» WHAT TO DO: How many lines in the entries below include the word "units"? Respond with the number only.

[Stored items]
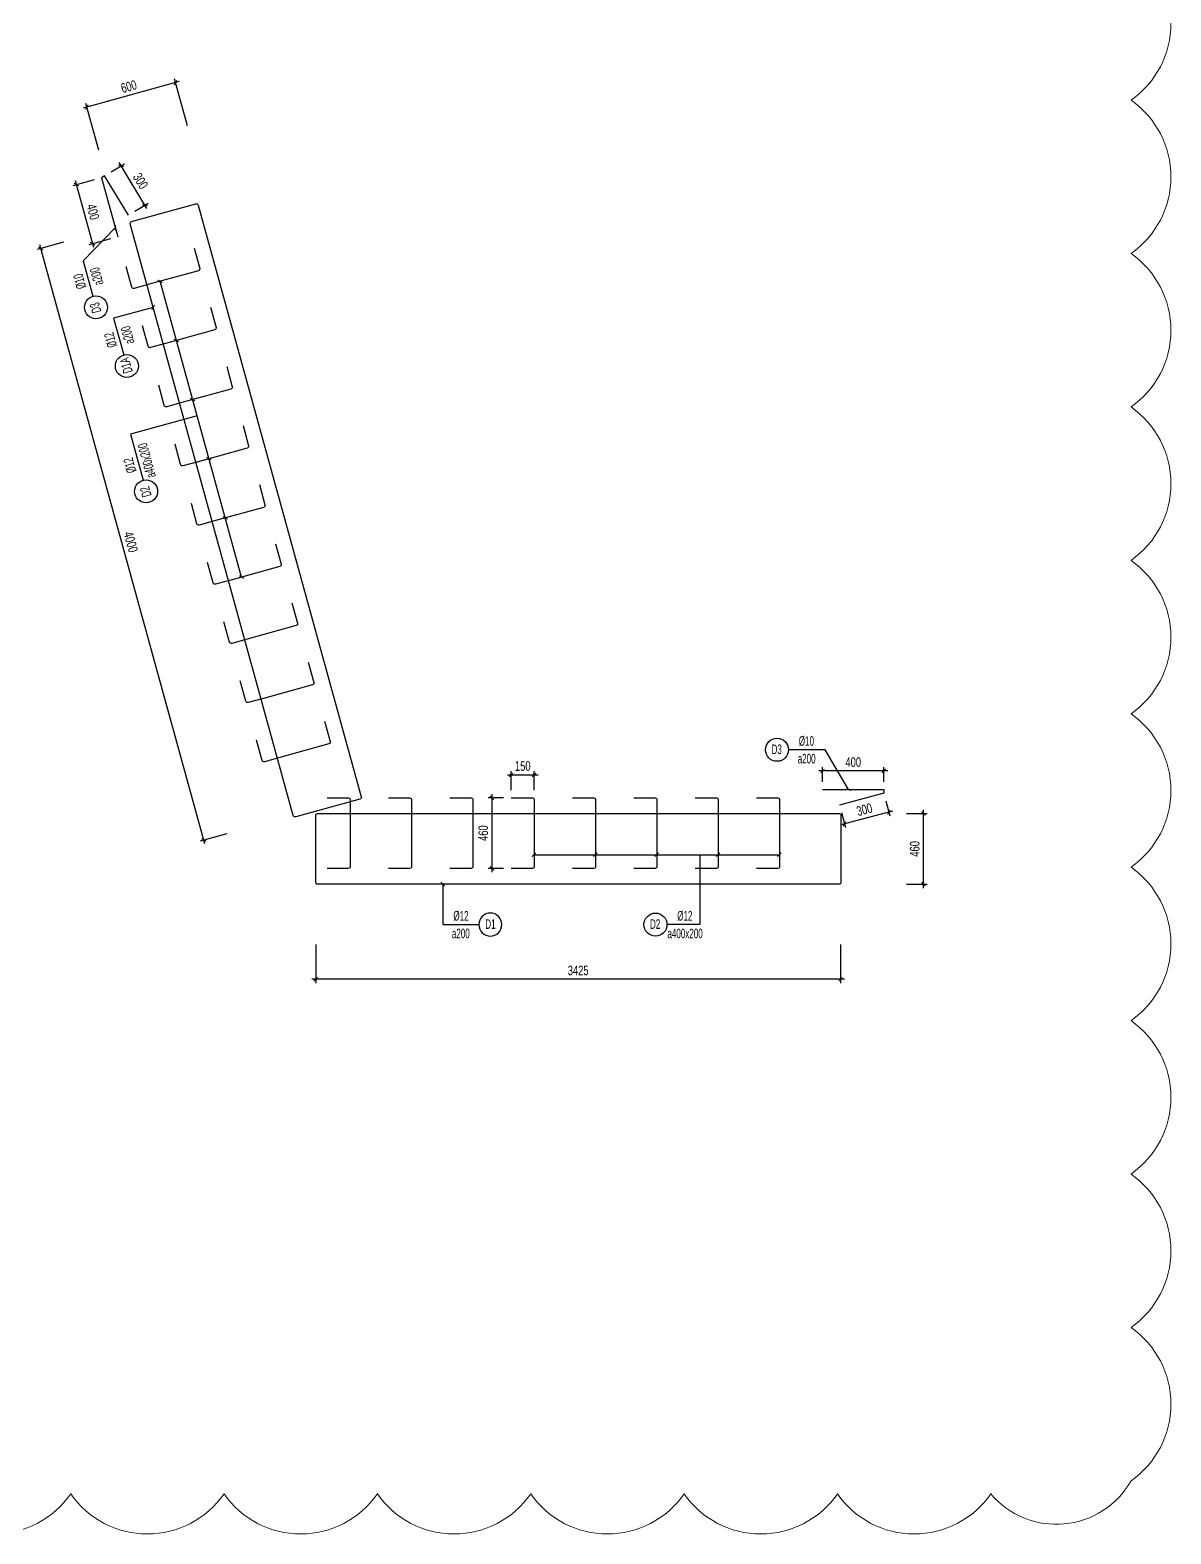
# Model space of a CAD drawing. Header units: millimetres. Extents: x -147841 to 368790, y -162721 to 84261.
# Drawn here: x 309553 to 316993, y -113133 to -103330 of the extents above; entities that cross this region are included whole.
import ezdxf
from ezdxf.enums import TextEntityAlignment as Align

# ---------------------------------------------------------------- set-up
doc = ezdxf.new("R2010")
doc.units = ezdxf.units.MM
doc.header["$LTSCALE"] = 1000
doc.header["$MEASUREMENT"] = 0
doc.header["$PDMODE"] = 1
doc.header["$PDSIZE"] = -10
doc.layers.get('0').update_dxf_attribs({"linetype": 'CONTINUOUS', "lineweight": 18})
doc.layers.get('DEFPOINTS').update_dxf_attribs({"color": 5, "linetype": 'CONTINUOUS', "lineweight": 18})
doc.layers.add('ccu11-Dim', color=8, linetype='CONTINUOUS', lineweight=18)
for name, color, linetype in [('ccu11-Manh', 8, 'CONTINUOUS'), ('ccu11-Thay', 7, 'CONTINUOUS'), ('ccu11-Thepdai', 6, 'CONTINUOUS'), ('KC-Cotthep', 8, 'CONTINUOUS'), ('KC-Dim', 8, 'CONTINUOUS')]:
    doc.layers.add(name, color=color, linetype=linetype)
doc.styles.add('ARIAL', font='arial.ttf', dxfattribs={"width": 0.7})
doc.styles.add('ccu11-dim', font='vnsimli.shx', dxfattribs={"width": 0.65, "bigfont": 'bigfont.shx'})
doc.dimstyles.new('2.5-25', dxfattribs={"dimscale": 25, "dimtxt": 2.5, "dimasz": 1, "dimexe": 1, "dimexo": 2, "dimgap": 1, "dimtad": 1, "dimdec": 1, "dimrnd": 5, "dimdsep": 46, "dimtxsty": 'ARIAL', "dimblk": 'ARCHTICK', "dimcen": -1, "dimdle": 1, "dimclrd": 256, "dimclre": 256, "dimclrt": 3, "dimadec": 0, "dimazin": 2, "dimtfac": 0.1, "dimtdec": 1, "dimtmove": 0, "dimatfit": 1, "dimldrblk": 'ARCHTICK', "dimfxl": 1, "dimtvp": 0.833333, "dimtfill": 1, "dimtolj": 1, "dimtzin": 12, "dimarcsym": 0})
doc.dimstyles.new('ccu11-100x4', dxfattribs={"dimscale": 100, "dimtxt": 2.5, "dimasz": 1, "dimexe": 1, "dimexo": 2, "dimgap": 1, "dimtad": 1, "dimdec": 0, "dimlfac": 0.25, "dimdsep": 46, "dimtxsty": 'ccu11-dim', "dimblk": 'ARCHTICK', "dimcen": -1, "dimdle": 1, "dimclrd": 256, "dimclre": 256, "dimclrt": 31, "dimadec": 0, "dimazin": 2, "dimtfac": 0.1, "dimtdec": 0, "dimtmove": 0, "dimatfit": 1, "dimldrblk": 'ARCHTICK', "dimfxl": 1, "dimtvp": 0.833333, "dimtolj": 1, "dimtzin": 12, "dimarcsym": 0})

# ---------------------------------------------------------------- blocks, each defined once
blk = doc.blocks.new('_ARCHTICK')
at = {"color": 0, "linetype": 'ByBlock', "const_width": 0.3}
blk.add_lwpolyline([(-0.5, -0.5), (0.5, 0.5)], dxfattribs=at)
blk = doc.blocks.new('att_thep_2')
blk.add_circle((-300, 0), 300)
at = {"color": 31, "style": 'ARIAL', "width": 0.6}
blk.add_attdef('SH', text='', height=250, dxfattribs=at).set_placement((-281, -111), align=Align.CENTER)
at = {"color": 3, "style": 'ARIAL', "width": 0.6}
blk.add_attdef('DK', text='', height=250, dxfattribs=at).set_placement((467, 105), align=Align.CENTER)
at = {"color": 2, "style": 'ARIAL', "width": 0.6}
blk.add_attdef('KC', text='', height=250, dxfattribs=at).set_placement((472, -355), align=Align.CENTER)
blk = doc.blocks.new('*D1360')
at = {"layer": 'DEFPOINTS', "color": 0, "ltscale": 3000, "transparency": 16777216}
for p in [(309623.5, -104754.5), (309820.4, -104700.1), (310884.2, -108556.1)]:
    blk.add_point(p, dxfattribs=at)
at = {"layer": 'KC-Dim', "lineweight": -2, "ltscale": 3000, "transparency": 16777216}
for p, q in [((309772.2, -104713.4), (309599.4, -104761.1)), ((310693.9, -108634.5), (309616.8, -104730.4)), ((310836, -108569.4), (310663.2, -108617.1))]:
    blk.add_line(p, q, dxfattribs=at)
at = {"layer": 'KC-Dim', "lineweight": -2, "ltscale": 3000, "transparency": 16777216, "xscale": 25, "yscale": 25, "zscale": 25}
for p, rotation in [((309623.5, -104754.5), 105.4234460771901), ((310687.3, -108610.4), 285.4234460771902)]:
    blk.add_blockref('_ARCHTICK', p, dxfattribs=dict(at, rotation=rotation))
at = {"layer": 'KC-Dim', "color": 3, "ltscale": 3000, "transparency": 16777216, "insert": (310210.2, -106667.3), "char_height": 62.5, "attachment_point": 5, "rotation": 285.42345, "style": 'ARIAL', "bg_fill": 3, "box_fill_scale": 1.25, "bg_fill_color": 256, "bg_fill_true_color": 13158600, "bg_fill_transparency": 0}
blk.add_mtext('\\A1;4000', dxfattribs=at)
blk = doc.blocks.new('*D1361')
at = {"layer": 'DEFPOINTS', "color": 0, "ltscale": 3000, "transparency": 16777216}
for p in [(309923.3, -103832.9), (310592.7, -104002.4), (310014.1, -104162)]:
    blk.add_point(p, dxfattribs=at)
at = {"layer": 'KC-Dim', "lineweight": -2, "ltscale": 3000, "transparency": 16777216}
for p, q in [((310526, -103666.6), (309899.2, -103839.5)), ((310579.4, -103954.2), (310495.3, -103649.2)), ((310000.8, -104113.8), (309916.6, -103808.8))]:
    blk.add_line(p, q, dxfattribs=at)
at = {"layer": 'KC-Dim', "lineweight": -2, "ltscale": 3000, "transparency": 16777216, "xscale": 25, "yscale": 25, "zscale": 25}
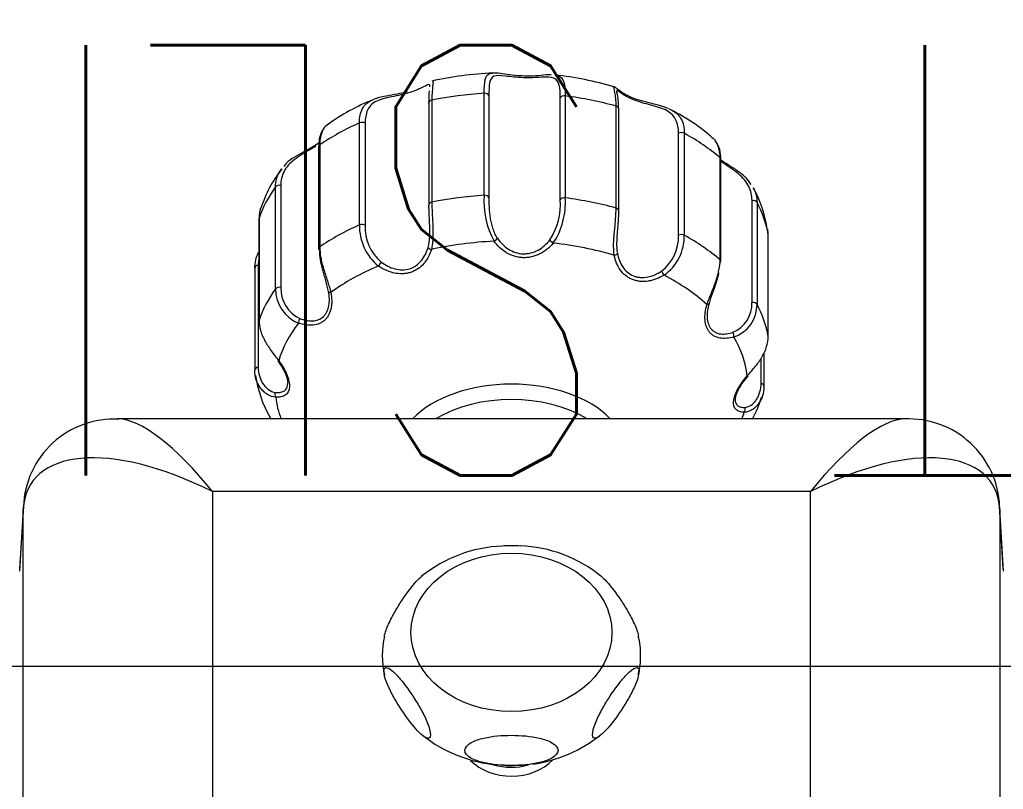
# Model space of a CAD drawing. Header units: millimetres. Extents: x 886808 to 1650903, y -1008069 to 230892.
# Drawn here: x 935637.3 to 935751.7, y -346788.5 to -346699.1 of the extents above; entities that cross this region are included whole.
import ezdxf

# ---------------------------------------------------------------- set-up
doc = ezdxf.new("R2010")
doc.units = ezdxf.units.MM
doc.layers.get('0').update_dxf_attribs({"lineweight": 0})
for name, color, linetype, lineweight in [('A_Dim', 8, 'Continuous', 5), ('hatch', 250, 'Continuous', 0), ('I-FURN', 252, 'Continuous', 5)]:
    doc.layers.add(name, color=color, linetype=linetype, lineweight=lineweight)
doc.styles.add('MtXpl_simplex8_shx', font='simplex8.shx')
doc.styles.add('TIÊU ĐỀ', font='arial.ttf', dxfattribs={"height": 230})
doc.dimstyles.new('1-100', dxfattribs={"dimtxt": 230, "dimasz": 150, "dimexe": 150, "dimexo": 300, "dimgap": 90, "dimtad": 1, "dimdec": 0, "dimrnd": 5, "dimzin": 0, "dimtxsty": 'TIÊU ĐỀ', "dimblk": 'ARCHTICK', "dimcen": 100, "dimdle": 120, "dimclrd": 256, "dimclre": 256, "dimclrt": 2, "dimadec": 0, "dimazin": 0, "dimtfac": 1, "dimtdec": 0, "dimtix": 1, "dimtmove": 1, "dimatfit": 3, "dimldrblk": 'OPEN30', "dimfxl": 900, "dimtolj": 1, "dimtzin": 0, "dimlwd": 13, "dimlwe": 13, "dimarcsym": 1})

# ---------------------------------------------------------------- blocks, each defined once
blk = doc.blocks.new('A$C26DD556D')
at = {"layer": 'hatch', "transparency": 33554636}
for p, q in [((2582.19, 23466.03, 0), (2582.19, 23477.89, 0)), ((2582.74, 23477.64, 0), (2582.74, 23465.79, 0)), ((2591.04, 23465.52, 0), (2591.04, 23477.38, 0)), ((2591.62, 23477.59, 0), (2591.62, 23465.73, 0)), ((2575.77, 23476.8, 0), (2575.77, 23464.94, 0)), ((2576.12, 23477.09, 0), (2576.12, 23465.23, 0)), ((2597.53, 23464.55, 0), (2597.53, 23476.41, 0)), ((2597.83, 23464.27, 0), (2597.83, 23476.12, 0)), ((2567.7, 23462.59, 0), (2567.7, 23474.45, 0)), ((2568.37, 23474.4, 0), (2568.37, 23462.55, 0)), ((2604.79, 23461.38, 0), (2604.79, 23473.24, 0)), ((2605.46, 23473.24, 0), (2605.46, 23461.39, 0)), ((2562.96, 23471.68, 0), (2562.96, 23459.83, 0)), ((2563.09, 23471.89, 0), (2563.09, 23460.03, 0)), ((2609.62, 23458.54, 0), (2609.62, 23470.4, 0)), ((2609.71, 23458.36, 0), (2609.71, 23470.22, 0)), ((2557.95, 23455.15, 0), (2557.95, 23467.01, 0)), ((2558.56, 23467.18, 0), (2558.56, 23455.32, 0)), ((2613.33, 23453.57, 0), (2613.33, 23465.43, 0)), ((2613.91, 23465.22, 0), (2613.91, 23453.37, 0)), ((2556.02, 23463.31, 0), (2556.02, 23451.45, 0)), ((2556.03, 23463.37, 0), (2556.03, 23451.52, 0)), ((2615.2, 23449.62, 0), (2615.2, 23461.48, 0)), ((2615.21, 23449.59, 0), (2615.21, 23461.45, 0)), ((2555.94, 23457.9, 0), (2555.94, 23446.04, 0)), ((2555.54, 23457.6, 0), (2555.54, 23445.74, 0)), ((2614.72, 23443.88, 0), (2614.72, 23447.74, 0)), ((2614.38, 23444.17, 0), (2614.38, 23447.12, 0)), ((2612.67, 23444.79, 0), (2612.88, 23445.04, 0)), ((2631.16, 23440.05, 0), (2539.58, 23440.05, 0)), ((2550.62, 23431.6, 0), (2550.62, 23395.34, 0)), ((2620.13, 23431.6, 0), (2550.62, 23431.6, 0)), ((2620.13, 23395.34, 0), (2620.13, 23431.6, 0)), ((2528.63, 23429.55, 0), (2528.2, 23422.33, 0)), ((2528.64, 23429.85, 0), (2528.21, 23422.63, 0)), ((2528.63, 23374.13, 0), (2528.63, 23429.55, 0)), ((2642.53, 23422.63, 0), (2642.1, 23429.85, 0)), ((2642.11, 23429.55, 0), (2642.11, 23374.13, 0)), ((2642.54, 23422.33, 0), (2642.11, 23429.55, 0))]:
    blk.add_line(p, q, dxfattribs=at)
for centre, radius, start, end in [((2584.59, 23442.52, 0), 37.74, 92.1265, 102.9664), ((2586.31, 23441.77, 0), 38.46, 73.4226, 83.8647), ((2590.61, 23476.33, 0), 7.21, 358.2758, 13.152), ((2577.31, 23456.29, 0), 22.33, 111.0638, 126.7326), ((2595.07, 23457.67, 0), 20.3, 47.5331, 64.0481), ((2606.52, 23470.46, 0), 3.18, 355.5318, 36.9213), ((2569.69, 23460.37, 0), 14.06, 141.6222, 162.8251), ((2591.77, 23465.29, 0), 9.6, 175.5845, 208.6575), ((2602.47, 23460.44, 0), 12.74, 7.4422, 30.534), ((2583.51, 23464.96, 0), 7.55, 326.9635, 4.2812), ((2583.06, 23465.18, 0), 8.58, 326.6867, 3.6661), ((2573.7, 23462.45, 0), 6, 178.641, 230.8184), ((2573.71, 23462.32, 0), 5.35, 177.5861, 229.3577), ((2599.8, 23461.2, 0), 4.99, 307.1035, 2.0783), ((2599.85, 23461.31, 0), 5.61, 305.4781, 0.795), ((2562.24, 23455.14, 0), 4.29, 179.8486, 247.869), ((2562.41, 23455.2, 0), 3.85, 178.2252, 244.9794), ((2609.71, 23453.44, 0), 3.61, 292.6357, 2.0587), ((2609.88, 23453.35, 0), 4.03, 289.4928, 0.2756), ((2569.68, 23447.27, 0), 14.24, 188.805, 209.4379), ((2600.68, 23446.95, 0), 14.45, 331.3842, 342.7381), ((2539.2, 23429.47, 0), 10.56, 87.1531, 177.9265), ((2631.52, 23429.46, 0), 10.59, 2.094, 92.4159), ((2584.95, 23409.28, 0), 16, 92.4311, 128.7676), ((2585.82, 23409.58, 0), 15.72, 50.7715, 87.9603), ((2580.66, 23412.5, 0), 10.3, 167.1575, 192.3292), ((2592.81, 23412.76, 0), 7.57, 358.4479, 15.5821), ((2592.44, 23412.4, 0), 7.94, 344.7789, 1.0781), ((2585.16, 23416.18, 0), 16.41, 231.808, 265.04), ((2585.73, 23415.68, 0), 15.89, 277.6531, 308.9217), ((2585.16, 23416.18, 0), 16.41, 267.4431, 272.4023), ((2585.73, 23415.68, 0), 15.89, 270.4552, 275.7487)]:
    blk.add_arc(centre, radius, start, end, dxfattribs=at)
for centre, major_axis, ratio, start_param, end_param in [((2585.37, 23459.52, 0), (-30, 0), 0.615661, 4.818524, 5.026052), ((2582.25, 23477.58, 0), (-0.5, 0), 0.615661, 3.346438, 4.818524), ((2591.52, 23477.28, 0), (-0.5, 0), 0.615661, 4.502453, 5.974539), ((2585.37, 23459.52, 0), (30, 0), 0.615661, 1.153332, 1.36086), ((2576.27, 23476.8, 0), (0.5, 0), 0.615661, 1.884459, 3.141593), ((2597.33, 23476.12, 0), (-0.5, 0), 0.615661, 3.141593, 4.294925), ((2585.37, 23459.52, 0), (-30, 0), 0.615661, -0.941063, -0.733535), ((2568, 23474.2, 0), (-0.5, 0), 0.615661, 3.870037, 5.342122), ((2605.12, 23473.01, 0), (-0.5, 0), 0.615661, 3.978854, 5.45094), ((2585.37, 23459.52, 0), (30, 0), 0.615661, 0.629733, 0.837261), ((2563.46, 23471.68, 0), (0.5, 0), 0.615661, 2.408058, 3.141593), ((2609.21, 23470.22, 0), (-0.5, 0), 0.615661, 3.141593, 3.771326), ((2585.37, 23459.52, 0), (-30, 0), 0.615661, 5.865721, 6.073249), ((2558.4, 23466.89, 0), (-0.5, 0), 0.615661, 4.393635, 5.865721), ((2585.37, 23447.67, 0), (-30, 0), 0.615661, 4.818524, 5.026052), ((2582.25, 23465.73, 0), (-0.5, 0), 0.615661, 3.346438, 4.818524), ((2576.27, 23464.94, 0), (0.5, 0), 0.615661, 1.884459, 3.141593), ((2576.27, 23464.94, 0), (0.5, 0), 0.615661, 3.141593, 3.356545), ((2591.52, 23465.43, 0), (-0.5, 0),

» SOLUTION BELOW: 4